= WHAT TO WORK ON =
An exact copy of every record is the expected answer.

= GIVEN DATA =
★ ★ ★ ★ ★
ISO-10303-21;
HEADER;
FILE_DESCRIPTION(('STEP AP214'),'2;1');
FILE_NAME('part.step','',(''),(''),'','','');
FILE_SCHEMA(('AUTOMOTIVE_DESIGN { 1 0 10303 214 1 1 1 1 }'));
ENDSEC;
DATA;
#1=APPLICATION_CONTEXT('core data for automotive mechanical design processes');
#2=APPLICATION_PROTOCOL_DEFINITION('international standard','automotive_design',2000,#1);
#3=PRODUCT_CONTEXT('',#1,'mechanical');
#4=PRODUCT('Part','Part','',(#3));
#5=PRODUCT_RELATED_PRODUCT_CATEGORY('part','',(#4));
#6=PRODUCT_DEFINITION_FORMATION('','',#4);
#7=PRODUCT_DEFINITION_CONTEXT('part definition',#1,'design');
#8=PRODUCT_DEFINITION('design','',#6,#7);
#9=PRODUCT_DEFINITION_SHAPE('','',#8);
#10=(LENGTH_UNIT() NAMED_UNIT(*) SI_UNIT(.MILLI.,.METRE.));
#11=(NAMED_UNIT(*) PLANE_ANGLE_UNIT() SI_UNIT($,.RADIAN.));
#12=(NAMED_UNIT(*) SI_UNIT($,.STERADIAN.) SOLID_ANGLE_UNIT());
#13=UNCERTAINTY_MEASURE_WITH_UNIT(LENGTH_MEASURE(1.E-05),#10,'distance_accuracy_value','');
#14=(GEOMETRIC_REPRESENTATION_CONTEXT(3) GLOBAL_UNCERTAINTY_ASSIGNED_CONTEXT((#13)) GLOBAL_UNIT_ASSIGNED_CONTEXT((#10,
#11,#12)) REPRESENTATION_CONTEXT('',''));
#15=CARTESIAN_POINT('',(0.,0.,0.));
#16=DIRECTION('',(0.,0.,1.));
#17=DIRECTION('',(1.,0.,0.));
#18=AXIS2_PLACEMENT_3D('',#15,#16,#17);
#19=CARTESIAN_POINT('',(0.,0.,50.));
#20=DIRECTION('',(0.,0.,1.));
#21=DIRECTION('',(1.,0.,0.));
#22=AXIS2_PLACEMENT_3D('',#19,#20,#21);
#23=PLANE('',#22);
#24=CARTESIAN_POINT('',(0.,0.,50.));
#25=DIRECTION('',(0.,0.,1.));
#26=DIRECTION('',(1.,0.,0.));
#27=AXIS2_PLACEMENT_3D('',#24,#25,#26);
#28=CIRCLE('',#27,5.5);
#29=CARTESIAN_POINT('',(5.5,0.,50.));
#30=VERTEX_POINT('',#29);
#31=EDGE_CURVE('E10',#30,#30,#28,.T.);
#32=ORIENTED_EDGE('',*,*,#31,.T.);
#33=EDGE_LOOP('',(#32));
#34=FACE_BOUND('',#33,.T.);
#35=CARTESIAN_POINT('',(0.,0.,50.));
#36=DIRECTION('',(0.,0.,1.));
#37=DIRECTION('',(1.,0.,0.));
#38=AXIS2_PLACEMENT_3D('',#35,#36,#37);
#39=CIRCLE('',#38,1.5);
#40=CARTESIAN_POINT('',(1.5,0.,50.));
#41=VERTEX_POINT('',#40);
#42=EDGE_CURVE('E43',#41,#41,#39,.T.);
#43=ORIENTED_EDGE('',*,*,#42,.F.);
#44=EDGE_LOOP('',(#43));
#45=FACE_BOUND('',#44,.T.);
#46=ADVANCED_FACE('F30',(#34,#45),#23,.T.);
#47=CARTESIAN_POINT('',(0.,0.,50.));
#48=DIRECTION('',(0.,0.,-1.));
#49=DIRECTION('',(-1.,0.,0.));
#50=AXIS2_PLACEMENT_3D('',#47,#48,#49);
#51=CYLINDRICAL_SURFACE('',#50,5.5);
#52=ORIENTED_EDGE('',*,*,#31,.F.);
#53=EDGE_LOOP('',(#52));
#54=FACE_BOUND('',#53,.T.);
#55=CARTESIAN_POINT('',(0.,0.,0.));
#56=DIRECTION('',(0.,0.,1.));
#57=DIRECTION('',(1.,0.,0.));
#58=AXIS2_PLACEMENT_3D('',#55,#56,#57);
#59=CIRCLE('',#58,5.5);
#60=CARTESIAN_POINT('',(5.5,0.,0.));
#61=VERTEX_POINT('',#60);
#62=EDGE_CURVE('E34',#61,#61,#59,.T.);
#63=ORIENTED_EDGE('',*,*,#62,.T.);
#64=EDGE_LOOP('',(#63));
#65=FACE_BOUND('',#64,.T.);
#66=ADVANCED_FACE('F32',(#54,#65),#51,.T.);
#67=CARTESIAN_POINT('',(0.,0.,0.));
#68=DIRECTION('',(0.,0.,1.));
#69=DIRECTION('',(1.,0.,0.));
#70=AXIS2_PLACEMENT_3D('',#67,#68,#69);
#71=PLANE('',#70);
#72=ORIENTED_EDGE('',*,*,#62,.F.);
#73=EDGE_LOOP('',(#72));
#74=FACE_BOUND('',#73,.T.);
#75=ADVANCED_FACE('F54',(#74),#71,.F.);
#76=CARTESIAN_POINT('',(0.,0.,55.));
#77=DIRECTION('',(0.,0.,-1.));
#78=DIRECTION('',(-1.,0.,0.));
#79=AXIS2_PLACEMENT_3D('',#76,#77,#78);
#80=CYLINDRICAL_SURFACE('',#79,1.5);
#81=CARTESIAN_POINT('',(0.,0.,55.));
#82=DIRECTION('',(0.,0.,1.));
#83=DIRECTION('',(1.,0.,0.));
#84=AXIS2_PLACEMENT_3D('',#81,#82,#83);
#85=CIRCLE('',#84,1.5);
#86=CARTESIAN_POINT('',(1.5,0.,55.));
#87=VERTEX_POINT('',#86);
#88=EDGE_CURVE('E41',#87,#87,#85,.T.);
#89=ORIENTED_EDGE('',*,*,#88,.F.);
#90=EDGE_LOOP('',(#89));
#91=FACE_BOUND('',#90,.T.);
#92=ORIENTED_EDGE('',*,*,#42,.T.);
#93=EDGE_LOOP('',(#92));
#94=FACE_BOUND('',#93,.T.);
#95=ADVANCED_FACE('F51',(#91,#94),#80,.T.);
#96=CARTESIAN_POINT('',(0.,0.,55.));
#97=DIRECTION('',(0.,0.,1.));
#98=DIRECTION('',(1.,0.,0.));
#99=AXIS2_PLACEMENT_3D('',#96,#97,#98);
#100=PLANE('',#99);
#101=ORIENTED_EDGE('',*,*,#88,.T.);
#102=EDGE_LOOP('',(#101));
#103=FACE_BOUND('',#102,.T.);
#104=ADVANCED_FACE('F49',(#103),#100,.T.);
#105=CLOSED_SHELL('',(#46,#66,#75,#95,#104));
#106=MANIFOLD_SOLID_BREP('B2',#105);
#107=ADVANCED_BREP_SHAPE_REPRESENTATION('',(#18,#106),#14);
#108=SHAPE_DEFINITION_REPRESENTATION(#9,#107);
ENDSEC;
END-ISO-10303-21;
★ ★ ★ ★ ★
= ANSWER TO THE PROBLEM =
ISO-10303-21;
HEADER;
FILE_DESCRIPTION(('STEP AP214'),'2;1');
FILE_NAME('part.step','',(''),(''),'','','');
FILE_SCHEMA(('AUTOMOTIVE_DESIGN { 1 0 10303 214 1 1 1 1 }'));
ENDSEC;
DATA;
#1=APPLICATION_CONTEXT('core data for automotive mechanical design processes');
#2=APPLICATION_PROTOCOL_DEFINITION('international standard','automotive_design',2000,#1);
#3=PRODUCT_CONTEXT('',#1,'mechanical');
#4=PRODUCT('Part','Part','',(#3));
#5=PRODUCT_RELATED_PRODUCT_CATEGORY('part','',(#4));
#6=PRODUCT_DEFINITION_FORMATION('','',#4);
#7=PRODUCT_DEFINITION_CONTEXT('part definition',#1,'design');
#8=PRODUCT_DEFINITION('design','',#6,#7);
#9=PRODUCT_DEFINITION_SHAPE('','',#8);
#10=(LENGTH_UNIT() NAMED_UNIT(*) SI_UNIT(.MILLI.,.METRE.));
#11=(NAMED_UNIT(*) PLANE_ANGLE_UNIT() SI_UNIT($,.RADIAN.));
#12=(NAMED_UNIT(*) SI_UNIT($,.STERADIAN.) SOLID_ANGLE_UNIT());
#13=UNCERTAINTY_MEASURE_WITH_UNIT(LENGTH_MEASURE(1.E-05),#10,'distance_accuracy_value','');
#14=(GEOMETRIC_REPRESENTATION_CONTEXT(3) GLOBAL_UNCERTAINTY_ASSIGNED_CONTEXT((#13)) GLOBAL_UNIT_ASSIGNED_CONTEXT((#10,
#11,#12)) REPRESENTATION_CONTEXT('',''));
#15=CARTESIAN_POINT('',(0.,0.,0.));
#16=DIRECTION('',(0.,0.,1.));
#17=DIRECTION('',(1.,0.,0.));
#18=AXIS2_PLACEMENT_3D('',#15,#16,#17);
#19=CARTESIAN_POINT('',(0.,0.,50.));
#20=DIRECTION('',(0.,0.,1.));
#21=DIRECTION('',(1.,0.,0.));
#22=AXIS2_PLACEMENT_3D('',#19,#20,#21);
#23=PLANE('',#22);
#24=CARTESIAN_POINT('',(0.,0.,50.));
#25=DIRECTION('',(0.,0.,1.));
#26=DIRECTION('',(1.,0.,0.));
#27=AXIS2_PLACEMENT_3D('',#24,#25,#26);
#28=CIRCLE('',#27,5.5);
#29=CARTESIAN_POINT('',(5.5,0.,50.));
#30=VERTEX_POINT('',#29);
#31=EDGE_CURVE('E10',#30,#30,#28,.T.);
#32=ORIENTED_EDGE('',*,*,#31,.T.);
#33=EDGE_LOOP('',(#32));
#34=FACE_BOUND('',#33,.T.);
#35=CARTESIAN_POINT('',(0.,0.,50.));
#36=DIRECTION('',(0.,0.,1.));
#37=DIRECTION('',(1.,0.,0.));
#38=AXIS2_PLACEMENT_3D('',#35,#36,#37);
#39=CIRCLE('',#38,1.5);
#40=CARTESIAN_POINT('',(1.5,0.,50.));
#41=VERTEX_POINT('',#40);
#42=EDGE_CURVE('E43',#41,#41,#39,.T.);
#43=ORIENTED_EDGE('',*,*,#42,.F.);
#44=EDGE_LOOP('',(#43));
#45=FACE_BOUND('',#44,.T.);
#46=ADVANCED_FACE('F30',(#34,#45),#23,.T.);
#47=CARTESIAN_POINT('',(0.,0.,50.));
#48=DIRECTION('',(0.,0.,-1.));
#49=DIRECTION('',(-1.,0.,0.));
#50=AXIS2_PLACEMENT_3D('',#47,#48,#49);
#51=CYLINDRICAL_SURFACE('',#50,5.5);
#52=ORIENTED_EDGE('',*,*,#31,.F.);
#53=EDGE_LOOP('',(#52));
#54=FACE_BOUND('',#53,.T.);
#55=CARTESIAN_POINT('',(0.,0.,0.));
#56=DIRECTION('',(0.,0.,1.));
#57=DIRECTION('',(1.,0.,0.));
#58=AXIS2_PLACEMENT_3D('',#55,#56,#57);
#59=CIRCLE('',#58,5.5);
#60=CARTESIAN_POINT('',(5.5,0.,0.));
#61=VERTEX_POINT('',#60);
#62=EDGE_CURVE('E34',#61,#61,#59,.T.);
#63=ORIENTED_EDGE('',*,*,#62,.T.);
#64=EDGE_LOOP('',(#63));
#65=FACE_BOUND('',#64,.T.);
#66=ADVANCED_FACE('F32',(#54,#65),#51,.T.);
#67=CARTESIAN_POINT('',(0.,0.,0.));
#68=DIRECTION('',(0.,0.,1.));
#69=DIRECTION('',(1.,0.,0.));
#70=AXIS2_PLACEMENT_3D('',#67,#68,#69);
#71=PLANE('',#70);
#72=ORIENTED_EDGE('',*,*,#62,.F.);
#73=EDGE_LOOP('',(#72));
#74=FACE_BOUND('',#73,.T.);
#75=ADVANCED_FACE('F54',(#74),#71,.F.);
#76=CARTESIAN_POINT('',(0.,0.,55.));
#77=DIRECTION('',(0.,0.,-1.));
#78=DIRECTION('',(-1.,0.,0.));
#79=AXIS2_PLACEMENT_3D('',#76,#77,#78);
#80=CYLINDRICAL_SURFACE('',#79,1.5);
#81=CARTESIAN_POINT('',(0.,0.,55.));
#82=DIRECTION('',(0.,0.,1.));
#83=DIRECTION('',(1.,0.,0.));
#84=AXIS2_PLACEMENT_3D('',#81,#82,#83);
#85=CIRCLE('',#84,1.5);
#86=CARTESIAN_POINT('',(1.5,0.,55.));
#87=VERTEX_POINT('',#86);
#88=EDGE_CURVE('E41',#87,#87,#85,.T.);
#89=ORIENTED_EDGE('',*,*,#88,.F.);
#90=EDGE_LOOP('',(#89));
#91=FACE_BOUND('',#90,.T.);
#92=ORIENTED_EDGE('',*,*,#42,.T.);
#93=EDGE_LOOP('',(#92));
#94=FACE_BOUND('',#93,.T.);
#95=ADVANCED_FACE('F51',(#91,#94),#80,.T.);
#96=CARTESIAN_POINT('',(0.,0.,55.));
#97=DIRECTION('',(0.,0.,1.));
#98=DIRECTION('',(1.,0.,0.));
#99=AXIS2_PLACEMENT_3D('',#96,#97,#98);
#100=PLANE('',#99);
#101=ORIENTED_EDGE('',*,*,#88,.T.);
#102=EDGE_LOOP('',(#101));
#103=FACE_BOUND('',#102,.T.);
#104=ADVANCED_FACE('F49',(#103),#100,.T.);
#105=CLOSED_SHELL('',(#46,#66,#75,#95,#104));
#106=MANIFOLD_SOLID_BREP('B2',#105);
#107=ADVANCED_BREP_SHAPE_REPRESENTATION('',(#18,#106),#14);
#108=SHAPE_DEFINITION_REPRESENTATION(#9,#107);
ENDSEC;
END-ISO-10303-21;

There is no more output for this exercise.